### [Collection entries]

☆ ☆ ☆ ☆

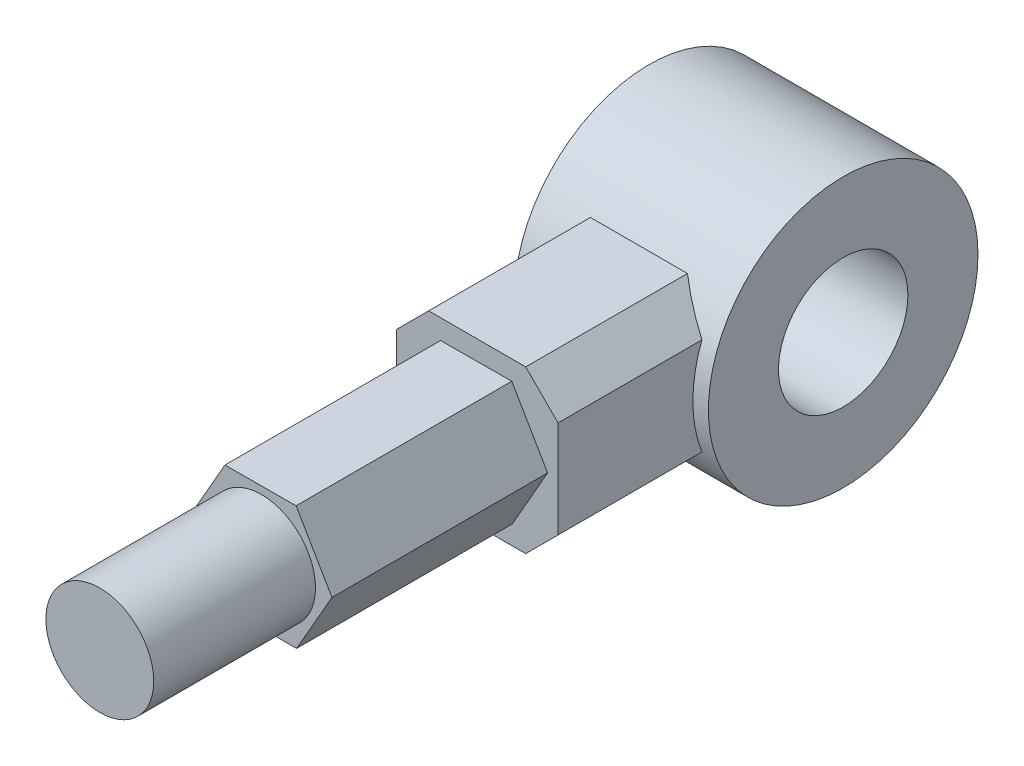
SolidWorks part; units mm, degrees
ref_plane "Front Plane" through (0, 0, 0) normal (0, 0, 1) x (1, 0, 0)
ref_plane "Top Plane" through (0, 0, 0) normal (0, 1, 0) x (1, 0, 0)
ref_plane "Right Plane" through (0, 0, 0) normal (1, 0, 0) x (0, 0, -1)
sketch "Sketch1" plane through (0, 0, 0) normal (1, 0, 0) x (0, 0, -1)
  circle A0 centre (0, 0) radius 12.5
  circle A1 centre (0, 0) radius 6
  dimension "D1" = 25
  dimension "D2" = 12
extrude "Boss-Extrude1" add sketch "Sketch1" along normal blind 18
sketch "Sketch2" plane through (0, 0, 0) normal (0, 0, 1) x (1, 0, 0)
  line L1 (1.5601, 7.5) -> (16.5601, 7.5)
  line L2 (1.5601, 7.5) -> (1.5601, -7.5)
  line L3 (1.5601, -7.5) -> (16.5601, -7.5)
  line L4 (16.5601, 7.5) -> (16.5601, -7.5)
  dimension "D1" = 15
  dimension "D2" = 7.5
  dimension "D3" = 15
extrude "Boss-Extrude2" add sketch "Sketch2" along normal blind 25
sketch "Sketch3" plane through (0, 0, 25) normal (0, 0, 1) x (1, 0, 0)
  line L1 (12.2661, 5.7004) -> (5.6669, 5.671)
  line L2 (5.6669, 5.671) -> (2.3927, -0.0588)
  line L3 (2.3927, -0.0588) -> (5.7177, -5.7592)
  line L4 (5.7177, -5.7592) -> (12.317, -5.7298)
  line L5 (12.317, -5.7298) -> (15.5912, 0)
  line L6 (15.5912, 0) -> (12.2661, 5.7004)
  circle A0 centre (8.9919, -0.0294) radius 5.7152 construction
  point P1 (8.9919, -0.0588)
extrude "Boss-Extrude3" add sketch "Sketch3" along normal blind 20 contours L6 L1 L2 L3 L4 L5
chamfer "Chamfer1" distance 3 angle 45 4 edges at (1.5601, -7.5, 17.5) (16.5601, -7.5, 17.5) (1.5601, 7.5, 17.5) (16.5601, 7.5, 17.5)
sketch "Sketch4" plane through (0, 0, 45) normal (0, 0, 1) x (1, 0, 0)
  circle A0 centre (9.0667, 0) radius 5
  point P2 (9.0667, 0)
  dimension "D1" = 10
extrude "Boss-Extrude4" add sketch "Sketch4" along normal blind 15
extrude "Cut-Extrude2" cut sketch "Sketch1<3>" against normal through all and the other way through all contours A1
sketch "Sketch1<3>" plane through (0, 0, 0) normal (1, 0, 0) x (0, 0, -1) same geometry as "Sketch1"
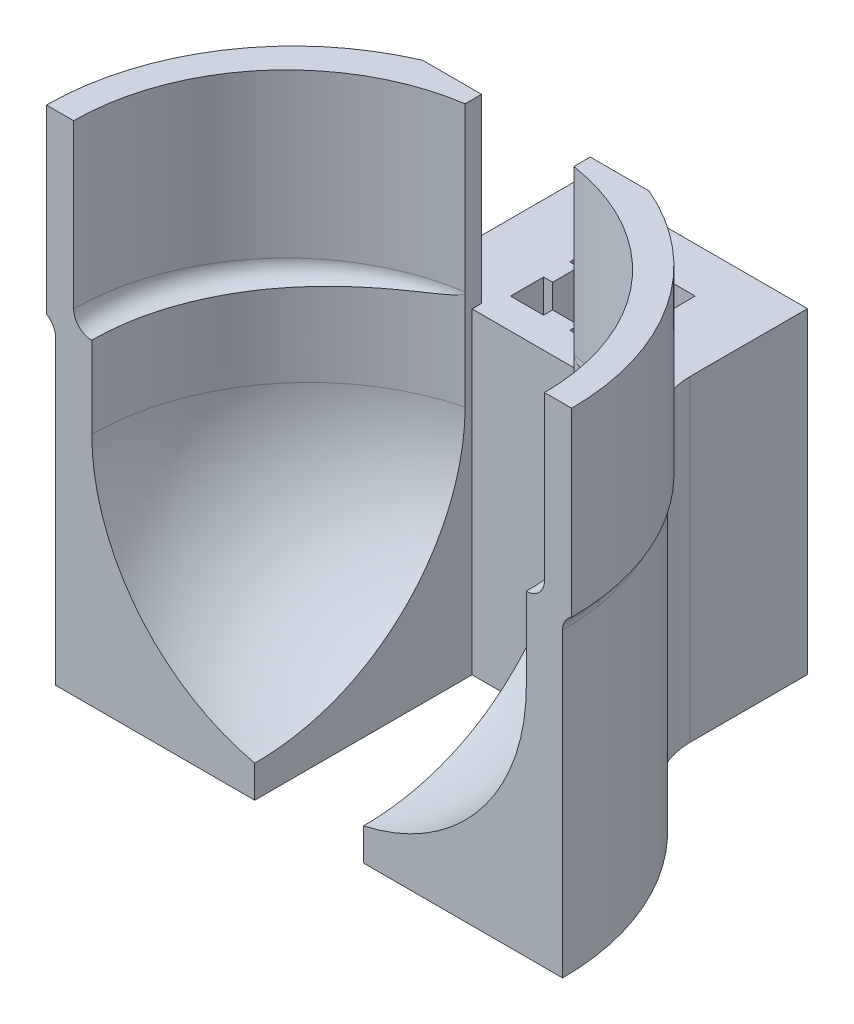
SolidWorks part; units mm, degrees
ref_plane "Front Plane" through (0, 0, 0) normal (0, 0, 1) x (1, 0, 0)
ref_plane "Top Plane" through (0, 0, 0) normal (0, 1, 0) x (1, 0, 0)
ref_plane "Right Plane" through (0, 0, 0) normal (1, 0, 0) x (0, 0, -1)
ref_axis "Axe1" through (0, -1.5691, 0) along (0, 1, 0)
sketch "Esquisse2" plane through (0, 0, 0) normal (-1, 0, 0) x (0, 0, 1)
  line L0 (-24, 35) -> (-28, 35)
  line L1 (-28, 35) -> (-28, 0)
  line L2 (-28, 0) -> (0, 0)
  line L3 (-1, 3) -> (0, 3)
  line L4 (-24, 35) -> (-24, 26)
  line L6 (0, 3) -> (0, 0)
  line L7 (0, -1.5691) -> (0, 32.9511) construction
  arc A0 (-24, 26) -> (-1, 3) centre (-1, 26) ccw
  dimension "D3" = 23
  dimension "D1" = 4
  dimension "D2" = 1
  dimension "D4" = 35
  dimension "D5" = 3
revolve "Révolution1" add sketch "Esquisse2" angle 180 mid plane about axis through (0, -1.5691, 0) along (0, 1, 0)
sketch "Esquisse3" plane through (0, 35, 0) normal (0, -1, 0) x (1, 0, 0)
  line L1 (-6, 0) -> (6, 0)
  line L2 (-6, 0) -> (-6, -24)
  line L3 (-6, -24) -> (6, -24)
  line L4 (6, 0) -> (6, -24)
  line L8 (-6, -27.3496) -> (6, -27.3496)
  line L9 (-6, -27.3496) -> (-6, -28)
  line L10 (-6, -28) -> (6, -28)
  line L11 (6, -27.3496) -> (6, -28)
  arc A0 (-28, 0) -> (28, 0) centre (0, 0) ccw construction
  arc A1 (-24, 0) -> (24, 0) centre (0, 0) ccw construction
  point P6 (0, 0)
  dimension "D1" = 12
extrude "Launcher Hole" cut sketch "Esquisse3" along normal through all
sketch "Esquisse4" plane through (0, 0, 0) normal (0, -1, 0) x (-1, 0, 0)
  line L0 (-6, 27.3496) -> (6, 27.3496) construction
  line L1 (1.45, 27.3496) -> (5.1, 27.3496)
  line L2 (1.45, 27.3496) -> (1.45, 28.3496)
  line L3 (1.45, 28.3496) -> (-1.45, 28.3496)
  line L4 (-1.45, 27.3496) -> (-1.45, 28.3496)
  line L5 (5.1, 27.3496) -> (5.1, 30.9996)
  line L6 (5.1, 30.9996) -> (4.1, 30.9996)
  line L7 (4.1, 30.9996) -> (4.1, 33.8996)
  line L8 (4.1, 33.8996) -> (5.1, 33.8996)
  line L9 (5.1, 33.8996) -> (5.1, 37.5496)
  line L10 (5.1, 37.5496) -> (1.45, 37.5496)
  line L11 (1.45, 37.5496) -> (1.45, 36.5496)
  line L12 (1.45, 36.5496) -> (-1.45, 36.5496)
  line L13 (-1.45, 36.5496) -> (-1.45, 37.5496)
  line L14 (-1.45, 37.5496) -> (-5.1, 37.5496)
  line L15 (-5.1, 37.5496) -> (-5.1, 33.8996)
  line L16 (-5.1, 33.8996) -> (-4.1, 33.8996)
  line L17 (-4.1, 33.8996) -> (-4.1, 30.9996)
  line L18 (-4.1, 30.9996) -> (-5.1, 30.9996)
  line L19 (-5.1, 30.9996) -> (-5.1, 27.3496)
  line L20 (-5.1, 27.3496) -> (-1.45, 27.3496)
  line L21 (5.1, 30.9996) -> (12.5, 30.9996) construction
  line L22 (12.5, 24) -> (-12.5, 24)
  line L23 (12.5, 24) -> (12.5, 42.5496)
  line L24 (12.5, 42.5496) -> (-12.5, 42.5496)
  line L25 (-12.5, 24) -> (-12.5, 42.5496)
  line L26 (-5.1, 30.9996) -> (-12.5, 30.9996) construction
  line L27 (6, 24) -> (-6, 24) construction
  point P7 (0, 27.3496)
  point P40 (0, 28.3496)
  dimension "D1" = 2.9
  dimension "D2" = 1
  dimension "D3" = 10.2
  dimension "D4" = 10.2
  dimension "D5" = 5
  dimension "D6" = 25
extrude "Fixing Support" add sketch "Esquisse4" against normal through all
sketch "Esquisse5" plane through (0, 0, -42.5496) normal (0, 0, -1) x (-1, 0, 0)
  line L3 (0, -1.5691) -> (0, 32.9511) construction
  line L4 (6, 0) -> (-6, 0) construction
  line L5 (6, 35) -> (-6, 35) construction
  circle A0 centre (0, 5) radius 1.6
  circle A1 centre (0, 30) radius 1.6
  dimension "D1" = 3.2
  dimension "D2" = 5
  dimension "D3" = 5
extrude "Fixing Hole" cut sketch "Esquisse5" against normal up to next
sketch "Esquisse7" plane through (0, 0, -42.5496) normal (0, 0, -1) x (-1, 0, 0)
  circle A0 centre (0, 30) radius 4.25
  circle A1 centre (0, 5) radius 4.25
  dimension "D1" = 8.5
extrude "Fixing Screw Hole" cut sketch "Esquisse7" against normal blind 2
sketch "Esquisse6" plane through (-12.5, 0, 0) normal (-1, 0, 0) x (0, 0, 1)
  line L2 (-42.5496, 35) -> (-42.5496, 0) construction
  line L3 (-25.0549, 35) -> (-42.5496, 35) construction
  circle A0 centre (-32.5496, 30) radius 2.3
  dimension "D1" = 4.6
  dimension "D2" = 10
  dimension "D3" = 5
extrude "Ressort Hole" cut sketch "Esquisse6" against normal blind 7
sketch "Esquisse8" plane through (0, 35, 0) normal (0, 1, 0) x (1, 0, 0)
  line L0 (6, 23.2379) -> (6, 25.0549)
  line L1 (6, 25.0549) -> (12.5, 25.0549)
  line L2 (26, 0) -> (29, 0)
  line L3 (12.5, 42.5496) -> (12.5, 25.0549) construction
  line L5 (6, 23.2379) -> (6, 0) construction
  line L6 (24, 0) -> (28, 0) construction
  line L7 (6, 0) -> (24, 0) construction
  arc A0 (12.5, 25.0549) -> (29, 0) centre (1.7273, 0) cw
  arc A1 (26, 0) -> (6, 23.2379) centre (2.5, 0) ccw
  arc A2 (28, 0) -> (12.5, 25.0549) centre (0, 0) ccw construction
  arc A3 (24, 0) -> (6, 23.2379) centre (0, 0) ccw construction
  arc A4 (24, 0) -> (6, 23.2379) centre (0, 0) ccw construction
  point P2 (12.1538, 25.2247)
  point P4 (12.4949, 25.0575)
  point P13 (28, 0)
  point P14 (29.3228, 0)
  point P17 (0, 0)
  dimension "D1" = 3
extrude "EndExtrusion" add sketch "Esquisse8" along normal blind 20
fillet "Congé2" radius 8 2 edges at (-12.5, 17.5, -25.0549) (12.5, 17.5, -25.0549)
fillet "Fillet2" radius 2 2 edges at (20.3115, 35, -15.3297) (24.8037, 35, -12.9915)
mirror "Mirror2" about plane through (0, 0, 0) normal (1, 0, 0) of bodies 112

☆ ☆ ☆ ☆

### [REQUIRED WORK]
Return all lines in the data that include the word "about".

### [EXERCISE OUTPUT]
revolve "Révolution1" add sketch "Esquisse2" angle 180 mid plane about axis through (0, -1.5691, 0) along (0, 1, 0)
mirror "Mirror2" about plane through (0, 0, 0) normal (1, 0, 0) of bodies 112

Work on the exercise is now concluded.